I've been having trouble with leaving Roxy alone in her crate. She is a 11 week old Lab x pup. She gets herself in a real state and screams the place down - yesterday I left for less than 5 minutes and when I came back one of my neighbours (from 3 doors up) was stood outside looking at the house because she could hear screaming but couldn't quite make out wat it was 

I am thinking of leaving her out of her crate and seeing how that goes. I will restrict her and Bella to the dining room and hallway.

Here is my concern, is this fair on Bella my 2.5 year old Collie/Lab mix? Bella is used to having the run of our house and sleeps where she pleases (usually under our bed). I don't want Bella to get upset if Roxy starts to cry plus I don't want any 'disagreements'.

Thoughts please??


----------



## hawksport (Dec 27, 2009)

I wouldn't risk leaving a young puppy alone with a young adult dog


----------



## Jobeth (May 23, 2010)

I agree. My sister has a very tolerant dog (retired guide dog) and even he got irritated by my puppy. I kept mine on a lead around him at all times until he learnt to leave him alone.


----------



## isleofwight (Jul 13, 2011)

I quess I was really lucky, when I got our new pup she was left with my older dog with the full run of the downstairs, never any problems. it even helped to calm the older dog when we went out.


----------



## mollymo (Oct 31, 2009)

We never leave any young pups loose with adults when they are left alone.

We have a very sturdy puppy pen of a good size in the kitchen and pup goes in there with bed, toys and kong and adult dog has run of the kitchen and gets some peace.

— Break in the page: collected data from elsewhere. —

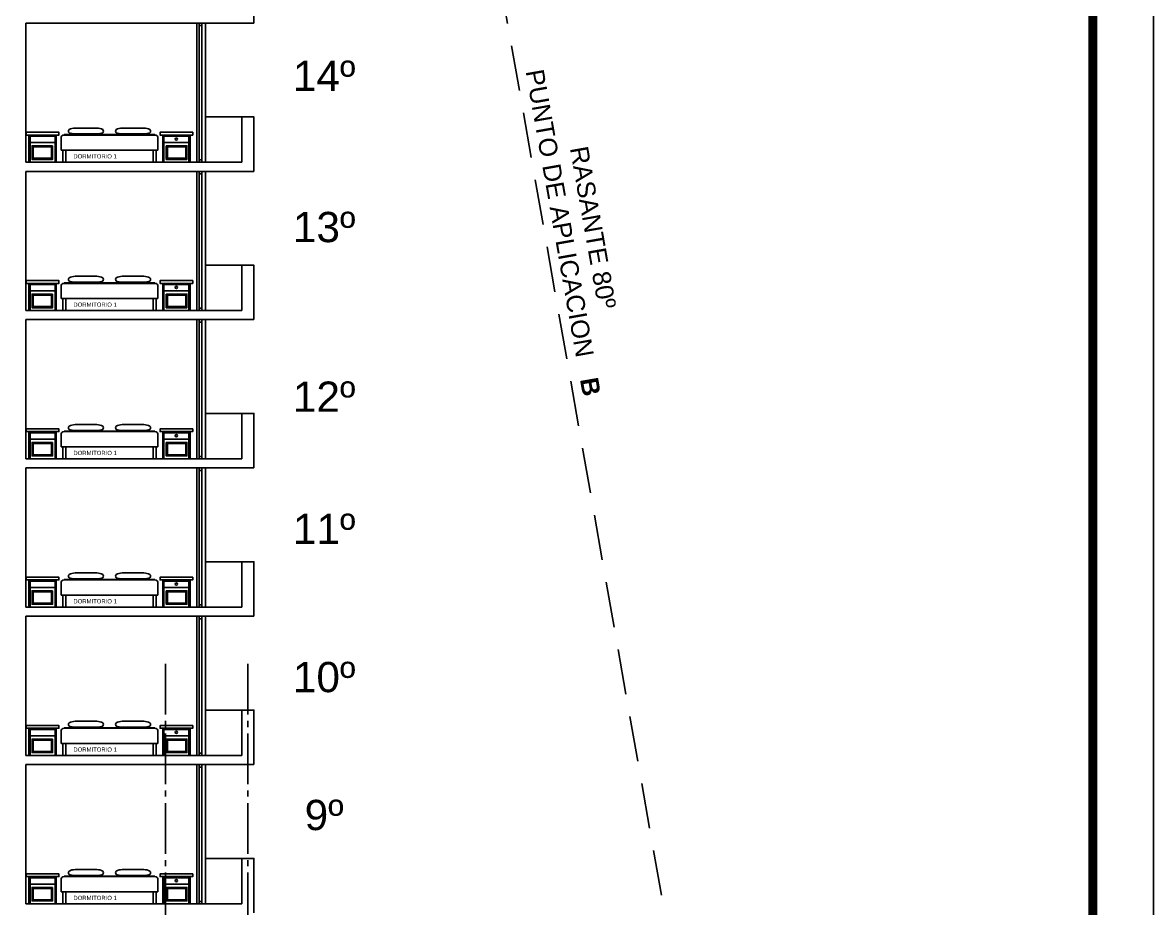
# Model space of a CAD drawing. Header units: millimetres. Extents: x 1217 to 2428, y 234 to 779.
# Drawn here: x 2259.85 to 2278.52, y 396.93 to 411.56 of the extents above; entities that cross this region are included whole.
import ezdxf

# ---------------------------------------------------------------- set-up
doc = ezdxf.new("R2010")
doc.units = ezdxf.units.MM
doc.linetypes.add('ACAD_ISO04W100', pattern=[30, 24, -3, 0, -3])
doc.linetypes.add('HIDDEN', pattern=[0.375, 0.25, -0.125])
doc.layers.get('0').update_dxf_attribs({"lineweight": 5})
for name, color, linetype in [('0.1', 251, 'Continuous'), ('0.2', 2, 'Continuous'), ('Ejes', 8, 'Continuous'), ('MURO', 5, 'Continuous'), ('Texto', 1, 'Continuous')]:
    doc.layers.add(name, color=color, linetype=linetype)
doc.styles.add('INTERARQ', font='arial.ttf')
doc.styles.get("Standard").update_dxf_attribs({"font": 'arial.ttf'})
doc.dimstyles.new('ESCALA_1-50', dxfattribs={"dimtxt": 0.15, "dimasz": 0.06, "dimexe": 0.18, "dimexo": 0.0625, "dimgap": 0, "dimtad": 0, "dimtih": 1, "dimtoh": 1, "dimzin": 0, "dimdsep": 46, "dimtxsty": 'INTERARQ', "dimblk": 'DIMTICK', "dimcen": 0, "dimse1": 1, "dimse2": 1, "dimclrd": 256, "dimclre": 1, "dimclrt": 2, "dimadec": 0, "dimazin": 0, "dimtfac": 4.5, "dimtofl": 0, "dimtmove": 2, "dimatfit": 3, "dimldrblk": 'DIMTICK', "dimfxl": 1, "dimtolj": 1, "dimtzin": 0, "dimarcsym": 0})

# ---------------------------------------------------------------- blocks, each defined once
blk = doc.blocks.new('zdfhe')
at = {"layer": 'Texto', "char_height": 0.5, "width": 0.47829, "attachment_point": 5}
for s, insert in [('14º', (2256.123, 394.892, 0)), ('13º', (2256.123, 392.392, 0)), ('12º', (2256.123, 389.593, 0)), ('11º', (2256.123, 387.408, 0)), ('10º', (2256.123, 384.958, 0)), ('9º', (2256.123, 382.68, 0))]:
    blk.add_mtext(s, dxfattribs=dict(at, insert=insert))
blk = doc.blocks.new('DIMTICK')
at = {"color": 1}
for p, q in [((-1, 0), (1, 0)), ((0, 1), (0, -1))]:
    blk.add_line(p, q, dxfattribs=at)
at = {"color": 3, "const_width": 0.141}
blk.add_lwpolyline([(0.71, 0.71), (-0.71, -0.71)], dxfattribs=at)
blk = doc.blocks.new('*D1771')
at = {"layer": '0.1', "lineweight": -2, "ltscale": 3, "transparency": 16777216}
for start, end in [(101.5525, 137.3613), (142.5403, 178.4475)]:
    blk.add_arc((2272.158, 387.171), 2.214, start, end, dxfattribs=at)
at = {"layer": 'Defpoints', "color": 0, "ltscale": 3, "transparency": 16777216}
for p in [(2263.121, 438.421, 0), (2270.836, 388.947), (2264.808, 387.171, 0), (2272.158, 387.171, 0), (2275.569, 387.171, 0)]:
    blk.add_point(p, dxfattribs=at)
at = {"layer": '0.1', "lineweight": -2, "ltscale": 3, "transparency": 16777216, "xscale": 0.06, "yscale": 0.06, "zscale": 0.06}
for p, rotation in [((2271.773, 389.352), 10.7762347188835), ((2269.943, 387.171), 269.2237652811169)]:
    blk.add_blockref('DIMTICK', p, dxfattribs=dict(at, rotation=rotation))
at = {"layer": '0.1', "color": 2, "ltscale": 3, "transparency": 16777216, "insert": (2270.462, 388.594), "char_height": 0.15, "attachment_point": 5, "style": 'INTERARQ'}
blk.add_mtext('\\A1;80°', dxfattribs=at)

msp = doc.modelspace()

# ---------------------------------------------------------------- linework, layer by layer
at = {"layer": '0.1', "linetype": 'ByBlock'}
for p, q in [((2260.48449, 409.65099, 0), (2260.48449, 409.45099, 0)), ((2262.0345, 409.70099, 0), (2260.53448, 409.70099, 0)), ((2260.53449, 409.71099, 0), (2262.0345, 409.71099, 0)), ((2262.08449, 409.65099, 0), (2262.08449, 409.45099, 0)), ((2260.48449, 409.45099, 0), (2260.56449, 409.45099, 0)), ((2260.48449, 409.45099, 0), (2262.08449, 409.45099, 0)), ((2260.51449, 409.45099, 0), (2260.48449, 409.45099, 0)), ((2260.51449, 409.25099, 0), (2260.51449, 409.45099, 0)), ((2262.00449, 409.45099, 0), (2262.00449, 409.25099, 0)), ((2262.08449, 409.45099, 0), (2262.00449, 409.45099, 0)), ((2262.05449, 409.45099, 0), (2262.08449, 409.45099, 0)), ((2262.05449, 409.25099, 0), (2262.05449, 409.45099, 0)), ((2260.48449, 407.20099, 0), (2260.48449, 407.00099, 0)), ((2262.0345, 407.25099, 0), (2260.53448, 407.25099, 0)), ((2260.53449, 407.26099, 0), (2262.0345, 407.26099, 0)), ((2262.08449, 407.20099, 0), (2262.08449, 407.00099, 0)), ((2260.48449, 407.00099, 0), (2260.56449, 407.00099, 0)), ((2260.48449, 407.00099, 0), (2262.08449, 407.00099, 0)), ((2260.51449, 407.00099, 0), (2260.48449, 407.00099, 0)), ((2260.51449, 406.80099, 0), (2260.51449, 407.00099, 0)), ((2262.00449, 407.00099, 0), (2262.00449, 406.80099, 0)), ((2262.08449, 407.00099, 0), (2262.00449, 407.00099, 0)), ((2262.05449, 407.00099, 0), (2262.08449, 407.00099, 0)), ((2262.05449, 406.80099, 0), (2262.05449, 407.00099, 0)), ((2260.48449, 404.75099, 0), (2260.48449, 404.55099, 0)), ((2262.0345, 404.80099, 0), (2260.53448, 404.80099, 0)), ((2260.53449, 404.81099, 0), (2262.0345, 404.81099, 0)), ((2262.08449, 404.75099, 0), (2262.08449, 404.55099, 0)), ((2260.48449, 404.55099, 0), (2260.56449, 404.55099, 0)), ((2260.48449, 404.55099, 0), (2262.08449, 404.55099, 0)), ((2260.51449, 404.55099, 0), (2260.48449, 404.55099, 0)), ((2260.51449, 404.35099, 0), (2260.51449, 404.55099, 0)), ((2262.00449, 404.55099, 0), (2262.00449, 404.35099, 0)), ((2262.08449, 404.55099, 0), (2262.00449, 404.55099, 0)), ((2262.05449, 404.55099, 0), (2262.08449, 404.55099, 0)), ((2262.05449, 404.35099, 0), (2262.05449, 404.55099, 0)), ((2260.48449, 402.30099, 0), (2260.48449, 402.10099, 0)), ((2262.0345, 402.35099, 0), (2260.53448, 402.35099, 0)), ((2260.53449, 402.36099, 0), (2262.0345, 402.36099, 0)), ((2262.08449, 402.30099, 0), (2262.08449, 402.10099, 0)), ((2260.48449, 402.10099, 0), (2260.56449, 402.10099, 0)), ((2260.48449, 402.10099, 0), (2262.08449, 402.10099, 0)), ((2260.51449, 402.10099, 0), (2260.48449, 402.10099, 0)), ((2260.51449, 401.90099, 0), (2260.51449, 402.10099, 0)), ((2262.00449, 402.10099, 0), (2262.00449, 401.90099, 0)), ((2262.08449, 402.10099, 0), (2262.00449, 402.10099, 0)), ((2262.05449, 402.10099, 0), (2262.08449, 402.10099, 0)), ((2262.05449, 401.90099, 0), (2262.05449, 402.10099, 0)), ((2260.48449, 399.85099, 0), (2260.48449, 399.65099, 0)), ((2262.0345, 399.90099, 0), (2260.53448, 399.90099, 0)), ((2260.53449, 399.91099, 0), (2262.0345, 399.91099, 0)), ((2262.08449, 399.85099, 0), (2262.08449, 399.65099, 0)), ((2260.48449, 399.65099, 0), (2260.56449, 399.65099, 0)), ((2260.48449, 399.65099, 0), (2262.08449, 399.65099, 0)), ((2260.51449, 399.65099, 0), (2260.48449, 399.65099, 0)), ((2260.51449, 399.45099, 0), (2260.51449, 399.65099, 0)), ((2262.00449, 399.65099, 0), (2262.00449, 399.45099, 0)), ((2262.08449, 399.65099, 0), (2262.00449, 399.65099, 0)), ((2262.05449, 399.65099, 0), (2262.08449, 399.65099, 0)), ((2262.05449, 399.45099, 0), (2262.05449, 399.65099, 0)), ((2260.48449, 397.40099, 0), (2260.48449, 397.20099, 0)), ((2262.0345, 397.45099, 0), (2260.53448, 397.45099, 0)), ((2260.53449, 397.46099, 0), (2262.0345, 397.46099, 0)), ((2262.08449, 397.40099, 0), (2262.08449, 397.20099, 0)), ((2260.48449, 397.20099, 0), (2260.56449, 397.20099, 0)), ((2260.48449, 397.20099, 0), (2262.08449, 397.20099, 0)), ((2260.51449, 397.20099, 0), (2260.48449, 397.20099, 0)), ((2260.51449, 397.00099, 0), (2260.51449, 397.20099, 0)), ((2262.00449, 397.20099, 0), (2262.00449, 397.00099, 0)), ((2262.08449, 397.20099, 0), (2262.00449, 397.20099, 0)), ((2262.05449, 397.20099, 0), (2262.08449, 397.20099, 0)), ((2262.05449, 397.00099, 0), (2262.05449, 397.20099, 0))]:
    msp.add_line(p, q, dxfattribs=at)
at = {"layer": '0.1'}
for p, q in [((2260.56449, 409.45099, 0), (2260.56449, 409.25099, 0)), ((2260.56449, 407.00099, 0), (2260.56449, 406.80099, 0)), ((2260.56449, 404.55099, 0), (2260.56449, 404.35099, 0)), ((2260.56449, 402.10099, 0), (2260.56449, 401.90099, 0)), ((2260.56449, 399.65099, 0), (2260.56449, 399.45099, 0)), ((2260.56449, 397.20099, 0), (2260.56449, 397.00099, 0))]:
    msp.add_line(p, q, dxfattribs=at)
at = {"layer": '0.1', "ltscale": 3}
msp.add_lwpolyline([(2218.52436, 357.90321), (2218.52436, 447.90321), (2278.52436, 447.90321), (2278.52436, 357.90321), (2218.52436, 357.90321)], dxfattribs=at)
at = {"layer": '0.1', "ltscale": 3, "const_width": 0.15}
msp.add_lwpolyline([(2219.52436, 358.90321), (2219.52436, 446.90321), (2277.52436, 446.90321), (2277.52436, 358.90321)], close=True, dxfattribs=at)
at = {"layer": '0.1', "ltscale": 3, "elevation": 0}
for points in [[(2262.7281, 411.55099), (2262.7281, 409.25099)], [(2262.7681, 411.55099), (2262.7681, 409.25099)], [(2262.8081, 411.55099), (2262.8081, 409.25099)], [(2262.8681, 409.25099), (2262.8681, 411.55099)], [(2262.86811, 410.00099), (2262.86811, 411.55099)], [(2262.86811, 410.00099), (2262.86811, 409.25099)], [(2263.47011, 410.00099), (2262.86811, 410.00099)], [(2262.7281, 409.10099), (2262.7281, 406.80099)], [(2262.7681, 409.10099), (2262.7681, 406.80099)], [(2262.8081, 409.10099), (2262.8081, 406.80099)], [(2262.8681, 406.80099), (2262.8681, 409.10099)], [(2262.86811, 407.55099), (2262.86811, 409.10099)], [(2262.86811, 407.55099), (2262.86811, 406.80099)], [(2263.47011, 407.55099), (2262.86811, 407.55099)], [(2262.7281, 406.65099), (2262.7281, 404.35099)], [(2262.7681, 406.65099), (2262.7681, 404.35099)], [(2262.8081, 406.65099), (2262.8081, 404.35099)], [(2262.8681, 404.35099), (2262.8681, 406.65099)], [(2262.86811, 405.10099), (2262.86811, 406.65099)], [(2262.86811, 405.10099), (2262.86811, 404.35099)], [(2263.47011, 405.10099), (2262.86811, 405.10099)], [(2262.7281, 404.20099), (2262.7281, 401.90099)], [(2262.7681, 404.20099), (2262.7681, 401.90099)], [(2262.8081, 404.20099), (2262.8081, 401.90099)], [(2262.8681, 401.90099), (2262.8681, 404.20099)], [(2262.86811, 402.65099), (2262.86811, 404.20099)], [(2262.86811, 402.65099), (2262.86811, 401.90099)], [(2263.47011, 402.65099), (2262.86811, 402.65099)], [(2262.7281, 401.75099), (2262.7281, 399.45099)], [(2262.7681, 401.75099), (2262.7681, 399.45099)], [(2262.8081, 401.75099), (2262.8081, 399.45099)], [(2262.8681, 399.45099), (2262.8681, 401.75099)], [(2262.86811, 400.20099), (2262.86811, 401.75099)], [(2262.86811, 400.20099), (2262.86811, 399.45099)], [(2263.47011, 400.20099), (2262.86811, 400.20099)], [(2262.7281, 399.30099), (2262.7281, 397.00099)], [(2262.7681, 399.30099), (2262.7681, 397.00099)], [(2262.8081, 399.30099), (2262.8081, 397.00099)], [(2262.8681, 397.00099), (2262.8681, 399.30099)], [(2262.86811, 397.75099), (2262.86811, 399.30099)], [(2262.86811, 397.75099), (2262.86811, 397.00099)], [(2263.47011, 397.75099), (2262.86811, 397.75099)]]:
    msp.add_lwpolyline(points, dxfattribs=at)
at = {"layer": '0.1', "linetype": 'ByBlock', "elevation": 0}
for points in [[(2260.40467, 409.70099), (2260.44967, 409.70099), (2260.44967, 409.74599), (2259.95467, 409.74599), (2259.90967, 409.74599), (2259.90967, 409.70099), (2259.95467, 409.70099)], [(2262.1643, 409.70099), (2262.1193, 409.70099), (2262.1193, 409.74599), (2262.6143, 409.74599), (2262.6593, 409.74599), (2262.6593, 409.70099), (2262.6143, 409.70099)], [(2260.40467, 409.25099), (2260.40467, 409.70099), (2259.95467, 409.70099), (2259.95467, 409.25099)], [(2260.38667, 409.25099), (2260.38667, 409.68299), (2259.97267, 409.68299), (2259.97267, 409.25099)], [(2260.38667, 409.57609), (2259.97267, 409.57609)], [(2260.53449, 409.71099), (2260.5345, 409.70099)], [(2262.0345, 409.71099), (2262.03449, 409.70099)], [(2262.1643, 409.25099), (2262.1643, 409.70099), (2262.6143, 409.70099), (2262.6143, 409.25099)], [(2262.1823, 409.25099), (2262.1823, 409.68299), (2262.5963, 409.68299), (2262.5963, 409.25099)], [(2262.1823, 409.57609), (2262.5963, 409.57609)], [(2260.40467, 407.25099), (2260.44967, 407.25099), (2260.44967, 407.29599), (2259.95467, 407.29599), (2259.90967, 407.29599), (2259.90967, 407.25099), (2259.95467, 407.25099)], [(2262.1643, 407.25099), (2262.1193, 407.25099), (2262.1193, 407.29599), (2262.6143, 407.29599), (2262.6593, 407.29599), (2262.6593, 407.25099), (2262.6143, 407.25099)], [(2260.40467, 406.80099), (2260.40467, 407.25099), (2259.95467, 407.25099), (2259.95467, 406.80099)], [(2260.38667, 406.80099), (2260.38667, 407.23299), (2259.97267, 407.23299), (2259.97267, 406.80099)], [(2260.38667, 407.12609), (2259.97267, 407.12609)], [(2260.53449, 407.26099), (2260.5345, 407.25099)], [(2262.0345, 407.26099), (2262.03449, 407.25099)], [(2262.1643, 406.80099), (2262.1643, 407.25099), (2262.6143, 407.25099), (2262.6143, 406.80099)], [(2262.1823, 406.80099), (2262.1823, 407.23299), (2262.5963, 407.23299), (2262.5963, 406.80099)], [(2262.1823, 407.12609), (2262.5963, 407.12609)], [(2260.40467, 404.80099), (2260.44967, 404.80099), (2260.44967, 404.84599), (2259.95467, 404.84599), (2259.90967, 404.84599), (2259.90967, 404.80099), (2259.95467, 404.80099)], [(2260.40467, 404.35099), (2260.40467, 404.80099), (2259.95467, 404.80099), (2259.95467, 404.35099)], [(2260.38667, 404.35099), (2260.38667, 404.78299), (2259.97267, 404.78299), (2259.97267, 404.35099)], [(2260.53449, 404.81099), (2260.5345, 404.80099)], [(2262.0345, 404.81099), (2262.03449, 404.80099)], [(2262.1643, 404.80099), (2262.1193, 404.80099), (2262.1193, 404.84599), (2262.6143, 404.84599), (2262.6593, 404.84599), (2262.6593, 404.80099), (2262.6143, 404.80099)], [(2262.1643, 404.35099), (2262.1643, 404.80099), (2262.6143, 404.80099), (2262.6143, 404.35099)], [(2262.1823, 404.35099), (2262.1823, 404.78299), (2262.5963, 404.78299), (2262.5963, 404.35099)], [(2260.38667, 404.67609), (2259.97267, 404.67609)], [(2262.1823, 404.67609), (2262.5963, 404.67609)], [(2260.40467, 402.35099), (2260.44967, 402.35099), (2260.44967, 402.39599), (2259.95467, 402.39599), (2259.90967, 402.39599), (2259.90967, 402.35099), (2259.95467, 402.35099)], [(2260.40467, 401.90099), (2260.40467, 402.35099), (2259.95467, 402.35099), (2259.95467, 401.90099)], [(2260.38667, 401.90099), (2260.38667, 402.33299), (2259.97267, 402.33299), (2259.97267, 401.90099)], [(2260.53449, 402.36099), (2260.5345, 402.35099)], [(2262.0345, 402.36099), (2262.03449, 402.35099)], [(2262.1643, 402.35099), (2262.1193, 402.35099), (2262.1193, 402.39599), (2262.6143, 402.39599), (2262.6593, 402.39599), (2262.6593, 402.35099), (2262.6143, 402.35099)], [(2262.1643, 401.90099), (2262.1643, 402.35099), (2262.6143, 402.35099), (2262.6143, 401.90099)], [(2262.1823, 401.90099), (2262.1823, 402.33299), (2262.5963, 402.33299), (2262.5963, 401.90099)], [(2260.38667, 402.22609), (2259.97267, 402.22609)], [(2262.1823, 402.22609), (2262.5963, 402.22609)], [(2260.40467, 399.90099), (2260.44967, 399.90099), (2260.44967, 399.94599), (2259.95467, 399.94599), (2259.90967, 399.94599), (2259.90967, 399.90099), (2259.95467, 399.90099)], [(2260.40467, 399.45099), (2260.40467, 399.90099), (2259.95467, 399.90099), (2259.95467, 399.45099)], [(2260.38667, 399.45099), (2260.38667, 399.88299), (2259.97267, 399.88299), (2259.97267, 399.45099)], [(2260.53449, 399.91099), (2260.5345, 399.90099)], [(2262.0345, 399.91099), (2262.03449, 399.90099)], [(2262.1643, 399.90099), (2262.1193, 399.90099), (2262.1193, 399.94599), (2262.6143, 399.94599), (2262.6593, 399.94599), (2262.6593, 399.90099), (2262.6143, 399.90099)], [(2262.1643, 399.45099), (2262.1643, 399.90099), (2262.6143, 399.90099), (2262.6143, 399.45099)], [(2262.1823, 399.45099), (2262.1823, 399.88299), (2262.5963, 399.88299), (2262.5963, 399.45099)], [(2260.38667, 399.77609), (2259.97267, 399.77609)], [(2262.1823, 399.77609), (2262.5963, 399.77609)], [(2260.40467, 397.45099), (2260.44967, 397.45099), (2260.44967, 397.49599), (2259.95467, 397.49599), (2259.90967, 397.49599), (2259.90967, 397.45099), (2259.95467, 397.45099)], [(2260.40467, 397.00099), (2260.40467, 397.45099), (2259.95467, 397.45099), (2259.95467, 397.00099)], [(2260.38667, 397.00099), (2260.38667, 397.43299), (2259.97267, 397.43299), (2259.97267, 397.00099)], [(2260.53449, 397.46099), (2260.5345, 397.45099)], [(2262.0345, 397.46099), (2262.03449, 397.45099)], [(2262.1643, 397.45099), (2262.1193, 397.45099), (2262.1193, 397.49599), (2262.6143, 397.49599), (2262.6593, 397.49599), (2262.6593, 397.45099), (2262.6143, 397.45099)], [(2262.1643, 397.00099), (2262.1643, 397.45099), (2262.6143, 397.45099), (2262.6143, 397.00099)], [(2262.1823, 397.00099), (2262.1823, 397.43299), (2262.5963, 397.43299), (2262.5963, 397.00099)], [(2260.38667, 397.32609), (2259.97267, 397.32609)], [(2262.1823, 397.32609), (2262.5963, 397.32609)]]:
    msp.add_lwpolyline(points, dxfattribs=at)
at = {"layer": '0.1', "elevation": 0}
for points in [[(2260.71704, 409.81687), (2261.07449, 409.81687)], [(2260.71704, 409.71948), (2261.07449, 409.71948)], [(2261.85193, 409.81687), (2261.49449, 409.81687)], [(2261.85193, 409.71948), (2261.49449, 409.71948)], [(2260.71704, 407.36687), (2261.07449, 407.36687)], [(2261.85193, 407.36687), (2261.49449, 407.36687)], [(2260.71704, 407.26948), (2261.07449, 407.26948)], [(2261.85193, 407.26948), (2261.49449, 407.26948)], [(2260.71704, 404.91687), (2261.07449, 404.91687)], [(2261.85193, 404.91687), (2261.49449, 404.91687)], [(2260.71704, 404.81948), (2261.07449, 404.81948)], [(2261.85193, 404.81948), (2261.49449, 404.81948)], [(2260.71704, 402.46687), (2261.07449, 402.46687)], [(2261.85193, 402.46687), (2261.49449, 402.46687)], [(2260.71704, 402.36948), (2261.07449, 402.36948)], [(2261.85193, 402.36948), (2261.49449, 402.36948)], [(2260.71704, 400.01687), (2261.07449, 400.01687)], [(2261.85193, 400.01687), (2261.49449, 400.01687)], [(2260.71704, 399.91948), (2261.07449, 399.91948)], [(2261.85193, 399.91948), (2261.49449, 399.91948)], [(2260.71704, 397.56687), (2261.07449, 397.56687)], [(2260.71704, 397.46948), (2261.07449, 397.46948)], [(2261.85193, 397.56687), (2261.49449, 397.56687)], [(2261.85193, 397.46948), (2261.49449, 397.46948)]]:
    msp.add_lwpolyline(points, dxfattribs=at)
at = {"layer": '0.1', "linetype": 'ByBlock', "elevation": 0}
for points in [[(2260.34607, 409.52377), (2260.00682, 409.52377), (2260.00682, 409.299), (2260.34607, 409.299)], [(2260.32807, 409.50577), (2260.02482, 409.50577), (2260.02482, 409.317), (2260.32807, 409.317)], [(2262.2229, 409.52377), (2262.56215, 409.52377), (2262.56215, 409.299), (2262.2229, 409.299)], [(2262.2409, 409.50577), (2262.54415, 409.50577), (2262.54415, 409.317), (2262.2409, 409.317)], [(2260.34607, 407.07377), (2260.00682, 407.07377), (2260.00682, 406.849), (2260.34607, 406.849)], [(2260.32807, 407.05577), (2260.02482, 407.05577), (2260.02482, 406.867), (2260.32807, 406.867)], [(2262.2229, 407.07377), (2262.56215, 407.07377), (2262.56215, 406.849), (2262.2229, 406.849)], [(2262.2409, 407.05577), (2262.54415, 407.05577), (2262.54415, 406.867), (2262.2409, 406.867)], [(2260.34607, 404.62377), (2260.00682, 404.62377), (2260.00682, 404.399), (2260.34607, 404.399)], [(2260.32807, 404.60577), (2260.02482, 404.60577), (2260.02482, 404.417), (2260.32807, 404.417)], [(2262.2229, 404.62377), (2262.56215, 404.62377), (2262.56215, 404.399), (2262.2229, 404.399)], [(2262.2409, 404.60577), (2262.54415, 404.60577), (2262.54415, 404.417), (2262.2409, 404.417)], [(2260.34607, 402.17377), (2260.00682, 402.17377), (2260.00682, 401.949), (2260.34607, 401.949)], [(2260.32807, 402.15577), (2260.02482, 402.15577), (2260.02482, 401.967), (2260.32807, 401.967)], [(2262.2229, 402.17377), (2262.56215, 402.17377), (2262.56215, 401.949), (2262.2229, 401.949)], [(2262.2409, 402.15577), (2262.54415, 402.15577), (2262.54415, 401.967), (2262.2409, 401.967)], [(2260.34607, 399.72377), (2260.00682, 399.72377), (2260.00682, 399.499), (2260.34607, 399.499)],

Another thing would be for you to get a puppy gate if you want to leave pup loose and put your adult dog in another room for pup to see him through the gate.


----------



## Emraa (Jun 4, 2009)

mollymo said:


> Another thing would be for you to get a puppy gate if you want to leave pup loose and put your adult dog in another room for pup to see him through the gate.


We have a puppy gate but Roxy can jump it and I think sees it as a 'cage' because she behaves the same way behind the gate as she does when left in her crate alone. :frown2:


----------